At maturity in March of 2011 we have no agreement with our lenders. There is no provision necessarily that if the value is at a certain level based upon reserved value or fair value or any other measure of value that we can require our lenders to do anything. I think that any conversation with any lender whether it be our existing lender or new lenders will be based upon where the asset sits on all senses, fair value on a liquidation basis as well as where one might deem the range of ultimate collectability.
 
   
Evan Dreyfuss:
 
And then if you get to a point where they say we don’t want to extend, we’d like this collateral and then you deliver the collateral. Has Capital Trust guaranteed the senior secured loan and the repo agreements? Is all the cash and the equity in your CDOs and the equity in your management business secured by that as well? Can they basically take your entire company to satisfy those loans? If they say, we think the assets are worth $300 million and you owe us $410 million or $500 million, can they take it all then?
 
   
Geoffrey Jervis:
 
It’s a tiered conversation obviously because you have three tiers of recourse debt. The repurchase agreements which are secured, the senior credit facility which is partially secured and then the junior subordinated notes that you own, that are not collateralized and the most subordinate piece of the capital structure. I think that the way it would play out legally is unclear and I don’t want to speculate too much, but the repo lenders have their collateral and we have a right to repurchase that collateral at a certain price in March of 2011. If we don’t come up with the proceeds necessary to repurchase that collateral then in theory that collateral belongs to them. That represents almost the entire value of the company. The second tier of debt being the senior credit facility has some collateral which belongs to that syndicate. Other than that there really is only a de minimis amount of unencumbered collateral that would be available to service any deficiencies at the repos and whatever the deficient claim would be at the unsecured level as well.

 

 


 

     
Evan Dreyfuss:
 
But then is the cash and the equity in the other parts of your business pledged to the secured line or if you had done unravel it, does CT get to keep the cash and keep the investment management business?
 
   
Geoffrey Jervis:
 
Well I would say that you should delineate between CT and the investment management business, which is CTIMCO, our wholly-owned subsidiary.

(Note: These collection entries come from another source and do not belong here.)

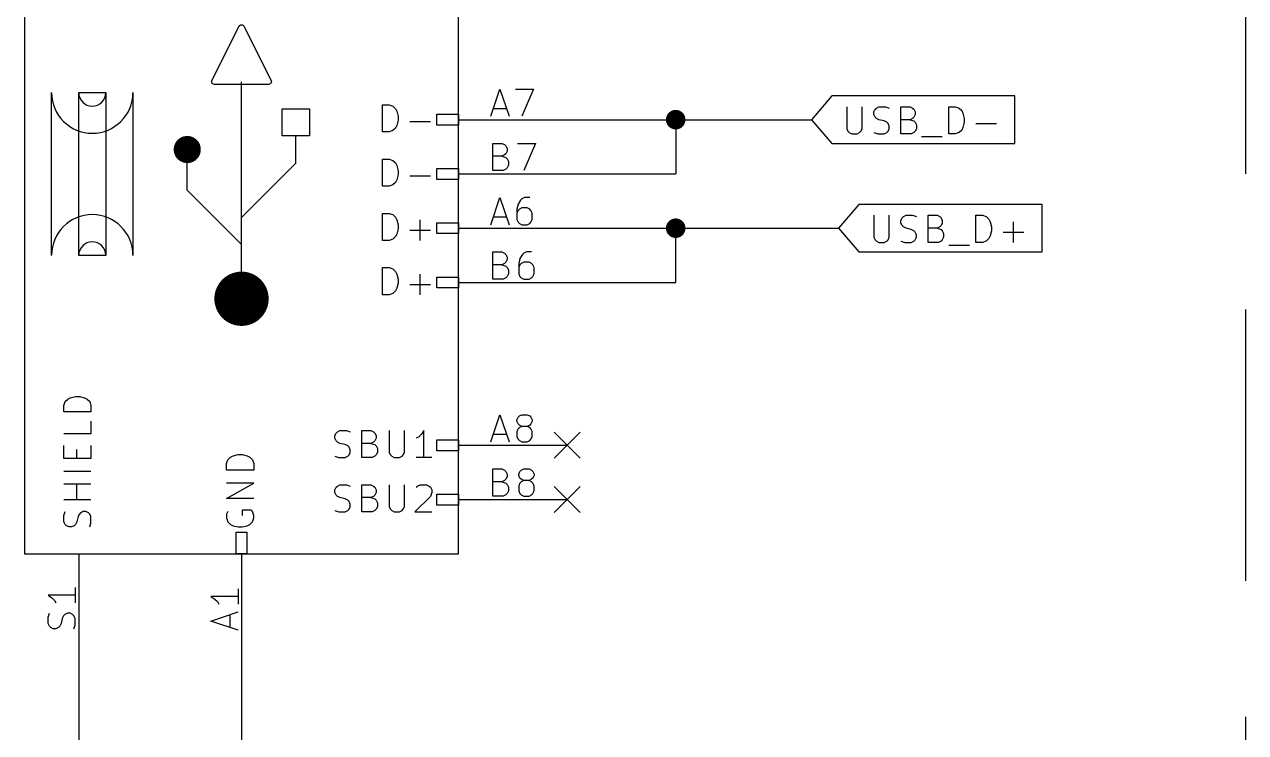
# Model space of a CAD drawing. Extents: x 0.4 to 16.1, y -11.3 to -0.4.
# Drawn here: x 1.65 to 3.9, y -2.779 to -1.474 of the extents above; entities that cross this region are included whole.
import ezdxf

# ---------------------------------------------------------------- set-up
doc = ezdxf.new("R2010")
doc.units = 0
doc.header["$MEASUREMENT"] = 0
doc.linetypes.add('DASHED', pattern=[0.75, 0.5, -0.25])
for name, color, linetype in [('BLUE4', 5, 'CONTINUOUS'), ('BROWN2', 54, 'CONTINUOUS'), ('CYAN2', 4, 'CONTINUOUS'), ('LYELLOW', 51, 'CONTINUOUS'), ('MAGENTA2', 6, 'CONTINUOUS'), ('MAGENTA3', 221, 'CONTINUOUS'), ('RED3', 11, 'CONTINUOUS')]:
    doc.layers.add(name, color=color, linetype=linetype)

msp = doc.modelspace()

# ---------------------------------------------------------------- linework, layer by layer
at = {"layer": 'BLUE4', "linetype": 'CONTINUOUS'}
for p, q in [((2.50952, -1.64362), (2.52619, -1.59362)), ((2.52619, -1.59362), (2.54285, -1.64362)), ((2.55476, -1.59362), (2.58809, -1.59362)), ((2.58809, -1.59362), (2.56667, -1.64362)), ((2.51428, -1.62933), (2.53809, -1.62933)), ((2.51309, -1.74362), (2.51309, -1.69362)), ((2.51309, -1.69362), (2.52976, -1.69362)), ((2.52976, -1.69362), (2.53452, -1.696)), ((2.53452, -1.696), (2.5369, -1.69838)), ((2.5369, -1.69838), (2.53928, -1.70314)), ((2.53928, -1.7079), (2.5369, -1.71267)), ((2.53928, -1.70314), (2.53928, -1.7079)), ((2.55833, -1.69362), (2.59167, -1.69362)), ((2.59167, -1.69362), (2.57024, -1.74362)), ((2.52976, -1.71743), (2.51309, -1.71743)), ((2.53452, -1.71505), (2.52976, -1.71743)), ((2.52976, -1.71743), (2.5369, -1.71981)), ((2.5369, -1.71267), (2.53452, -1.71505)), ((2.5369, -1.71981), (2.53928, -1.72219)), ((2.53928, -1.72219), (2.54167, -1.72695)), ((2.54167, -1.72695), (2.54167, -1.73409)), ((2.53214, -1.74362), (2.51309, -1.74362)), ((2.5369, -1.74124), (2.53214, -1.74362)), ((2.53928, -1.73885), (2.5369, -1.74124)), ((2.54167, -1.73409), (2.53928, -1.73885)), ((2.50952, -1.84362), (2.52619, -1.79362)), ((2.52619, -1.79362), (2.54285, -1.84362)), ((2.56428, -1.79838), (2.55952, -1.80552)), ((2.56667, -1.796), (2.56428, -1.79838)), ((2.57143, -1.79362), (2.56667, -1.796)), ((2.58095, -1.79362), (2.57143, -1.79362)), ((2.55952, -1.80552), (2.55714, -1.81505)), ((2.55714, -1.81505), (2.55714, -1.83409)), ((2.55952, -1.81743), (2.55714, -1.82219)), ((2.5619, -1.81505), (2.55952, -1.81743)), ((2.56667, -1.81267), (2.5619, -1.81505)), ((2.57619, -1.81267), (2.56667, -1.81267)), ((2.58095, -1.81505), (2.57619, -1.81267)), ((2.58333, -1.81743), (2.58095, -1.81505)), ((2.58571, -1.82219), (2.58333, -1.81743)), ((2.58571, -1.83409), (2.58571, -1.82219)), ((2.51428, -1.82933), (2.53809, -1.82933)), ((2.55714, -1.83409), (2.55952, -1.83885)), ((2.55952, -1.83885), (2.5619, -1.84124)), ((2.5619, -1.84124), (2.56667, -1.84362)), ((2.56667, -1.84362), (2.57619, -1.84362)), ((2.57619, -1.84362), (2.58095, -1.84124)), ((2.58095, -1.84124), (2.58333, -1.83885)), ((2.58333, -1.83885), (2.58571, -1.83409)), ((2.51309, -1.94362), (2.51309, -1.89362)), ((2.51309, -1.89362), (2.52976, -1.89362)), ((2.52976, -1.89362), (2.53452, -1.896)), ((2.53452, -1.896), (2.5369, -1.89838)), ((2.5369, -1.89838), (2.53928, -1.90314)), ((2.53928, -1.9079), (2.5369, -1.91267)), ((2.53928, -1.90314), (2.53928, -1.9079)), ((2.56309, -1.90552), (2.56071, -1.91505)), ((2.56785, -1.89838), (2.56309, -1.90552)), ((2.57024, -1.896), (2.56785, -1.89838)), ((2.575, -1.89362), (2.57024, -1.896)), ((2.58452, -1.89362), (2.575, -1.89362)), ((2.52976, -1.91743), (2.51309, -1.91743)), ((2.53452, -1.91505), (2.52976, -1.91743)), ((2.52976, -1.91743), (2.5369, -1.91981)), ((2.5369, -1.91267), (2.53452, -1.91505)), ((2.5369, -1.91981), (2.53928, -1.92219)), ((2.53928, -1.92219), (2.54167, -1.92695)), ((2.54167, -1.93409), (2.53928, -1.93885)), ((2.54167, -1.92695), (2.54167, -1.93409)), ((2.56071, -1.91505), (2.56071, -1.93409)), ((2.56309, -1.91743), (2.56071, -1.92219)), ((2.56071, -1.93409), (2.56309, -1.93885)), ((2.56547, -1.91505), (2.56309, -1.91743)), ((2.57024, -1.91267), (2.56547, -1.91505)), ((2.57976, -1.91267), (2.57024, -1.91267)), ((2.58452, -1.91505), (2.57976, -1.91267)), ((2.5869, -1.91743), (2.58452, -1.91505)), ((2.58928, -1.92219), (2.5869, -1.91743)), ((2.5869, -1.93885), (2.58928, -1.93409)), ((2.58928, -1.93409), (2.58928, -1.92219)), ((2.53214, -1.94362), (2.51309, -1.94362)), ((2.5369, -1.94124), (2.53214, -1.94362)), ((2.53928, -1.93885), (2.5369, -1.94124)), ((2.56309, -1.93885), (2.56547, -1.94124)), ((2.56547, -1.94124), (2.57024, -1.94362)), ((2.57024, -1.94362), (2.57976, -1.94362)), ((2.57976, -1.94362), (2.58452, -1.94124)), ((2.58452, -1.94124), (2.5869, -1.93885)), ((2.50952, -2.24362), (2.52619, -2.19362)), ((2.52619, -2.19362), (2.54285, -2.24362)), ((2.55714, -2.20314), (2.55952, -2.19838)), ((2.55714, -2.20552), (2.55714, -2.20314)), ((2.55952, -2.19838), (2.5619, -2.196)), ((2.5619, -2.196), (2.56667, -2.19362)), ((2.56667, -2.19362), (2.57619, -2.19362)), ((2.57619, -2.19362), (2.58095, -2.196)), ((2.58095, -2.196), (2.58333, -2.19838)), ((2.58333, -2.19838), (2.58571, -2.20314)), ((2.58571, -2.20314), (2.58571, -2.20552)), ((2.55952, -2.21028), (2.55714, -2.20552)), ((2.55952, -2.21981), (2.55714, -2.22457)), ((2.55714, -2.22457), (2.55714, -2.23409)), ((2.5619, -2.21267), (2.55952, -2.21028)), ((2.5619, -2.21743), (2.55952, -2.21981)), ((2.56667, -2.21505), (2.5619, -2.21267)), ((2.56667, -2.21505), (2.5619, -2.21743)), ((2.57619, -2.21505), (2.56667, -2.21505)), ((2.58095, -2.21267), (2.57619, -2.21505)), ((2.58095, -2.21743), (2.57619, -2.21505)), ((2.58333, -2.21028), (2.58095, -2.21267)), ((2.58333, -2.21981), (2.58095, -2.21743)), ((2.58571, -2.20552), (2.58333, -2.21028)), ((2.58571, -2.22457), (2.58333, -2.21981)), ((2.58571, -2.23409), (2.58571, -2.22457)), ((2.51428, -2.22933), (2.53809, -2.22933)), ((2.55714, -2.23409), (2.55952, -2.23885)), ((2.55952, -2.23885), (2.5619, -2.24124)), ((2.5619, -2.24124), (2.56667, -2.24362)), ((2.56667, -2.24362), (2.57619, -2.24362)), ((2.57619, -2.24362), (2.58095, -2.24124)), ((2.58095, -2.24124), (2.58333, -2.23885)), ((2.58333, -2.23885), (2.58571, -2.23409)), ((2.51309, -2.34362), (2.51309, -2.29362)), ((2.51309, -2.29362), (2.52976, -2.29362)), ((2.52976, -2.29362), (2.53452, -2.296)), ((2.56547, -2.296), (2.57024, -2.29362)), ((2.57024, -2.29362), (2.57976, -2.29362)), ((2.57976, -2.29362), (2.58452, -2.296)), ((2.52976, -2.31743), (2.51309, -2.31743)), ((2.53452, -2.31505), (2.52976, -2.31743)), ((2.52976, -2.31743), (2.5369, -2.31981)), ((2.53452, -2.296), (2.5369, -2.29838)), ((2.5369, -2.31267), (2.53452, -2.31505)), ((2.5369, -2.29838), (2.53928, -2.30314)), ((2.53928, -2.3079), (2.5369, -2.31267)), ((2.53928, -2.30314), (2.53928, -2.3079)), ((2.56071, -2.30314), (2.56309, -2.29838)), ((2.56071, -2.30552), (2.56071, -2.30314)), ((2.56309, -2.31028), (2.56071, -2.30552)), ((2.56309, -2.29838), (2.56547, -2.296)), ((2.56547, -2.31267), (2.56309, -2.31028)), ((2.56547, -2.31743), (2.56309, -2.31981)), ((2.57024, -2.31505), (2.56547, -2.31267)), ((2.57024, -2.31505), (2.56547, -2.31743)), ((2.57976, -2.31505), (2.57024, -2.31505)), ((2.58452, -2.31267), (2.57976, -2.31505)), ((2.58452, -2.31743), (2.57976, -2.31505)), ((2.58452, -2.296), (2.5869, -2.29838)), ((2.5869, -2.31028), (2.58452, -2.31267)), ((2.5869, -2.31981), (2.58452, -2.31743)), ((2.5869, -2.29838), (2.58928, -2.30314)), ((2.58928, -2.30552), (2.5869, -2.31028)), ((2.58928, -2.30314), (2.58928, -2.30552)), ((2.5369, -2.31981), (2.53928, -2.32219)), ((2.53928, -2.33885), (2.5369, -2.34124)), ((2.53928, -2.32219), (2.54167, -2.32695)), ((2.54167, -2.33409), (2.53928, -2.33885)), ((2.54167, -2.32695), (2.54167, -2.33409)), ((2.56309, -2.31981), (2.56071, -2.32457)), ((2.56071, -2.32457), (2.56071, -2.33409)), ((2.56071, -2.33409), (2.56309, -2.33885)), ((2.56309, -2.33885), (2.56547, -2.34124)), ((2.58452, -2.34124), (2.5869, -2.33885)), ((2.58928, -2.32457), (2.5869, -2.31981)), ((2.5869, -2.33885), (2.58928, -2.33409)), ((2.58928, -2.33409), (2.58928, -2.32457)), ((2.53214, -2.34362), (2.51309, -2.34362)), ((2.5369, -2.34124), (2.53214, -2.34362)), ((2.56547, -2.34124), (2.57024, -2.34362)), ((2.57024, -2.34362), (2.57976, -2.34362)), ((2.57976, -2.34362), (2.58452, -2.34124)), ((1.74362, -2.5119), (1.74362, -2.54047)), ((2.04362, -2.51428), (2.04362, -2.54285)), ((1.74362, -2.52619), (1.69362, -2.52619)), ((1.69362, -2.52619), (1.70076, -2.53095)), ((1.70076, -2.53095), (1.70552, -2.53571)), ((1.70552, -2.53571), (1.7079, -2.54047)), ((2.04362, -2.52857), (1.99362, -2.52857)), ((1.99362, -2.52857), (2.00076, -2.53333)), ((2.00076, -2.53333), (2.00552, -2.53809)), ((2.00552, -2.53809), (2.0079, -2.54285)), ((1.69362, -2.56667), (1.696, -2.55952)), ((1.72219, -2.56428), (1.71981, -2.56905)), ((1.72457, -2.5619), (1.72219, -2.56428)), ((1.72933, -2.55952), (1.72457, -2.5619)), ((1.73409, -2.55952), (1.72933, -2.55952)), ((1.73885, -2.5619), (1.73409, -2.55952)), ((1.74124, -2.56428), (1.73885, -2.5619)), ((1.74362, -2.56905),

That entity has roughly half the cash in the company. That entity has management contracts and is also the home for all the employees and it is separate and distinct. CTIMCO is not pledged as collateral for any liability.
 
   
Evan Dreyfuss:
 
Perfect, that’s it. Thank you, that answer’s the question. Thank you and good luck.
 
   
Geoffrey Jervis:
 
Thank you
 
   
Operator:
 
Thank you. At this time we have no further questions.
 
   
Steve Plavin:
 
Thank you everyone for joining
 
   
Operator:
 
That concludes today’s conference. You may disconnect at this time.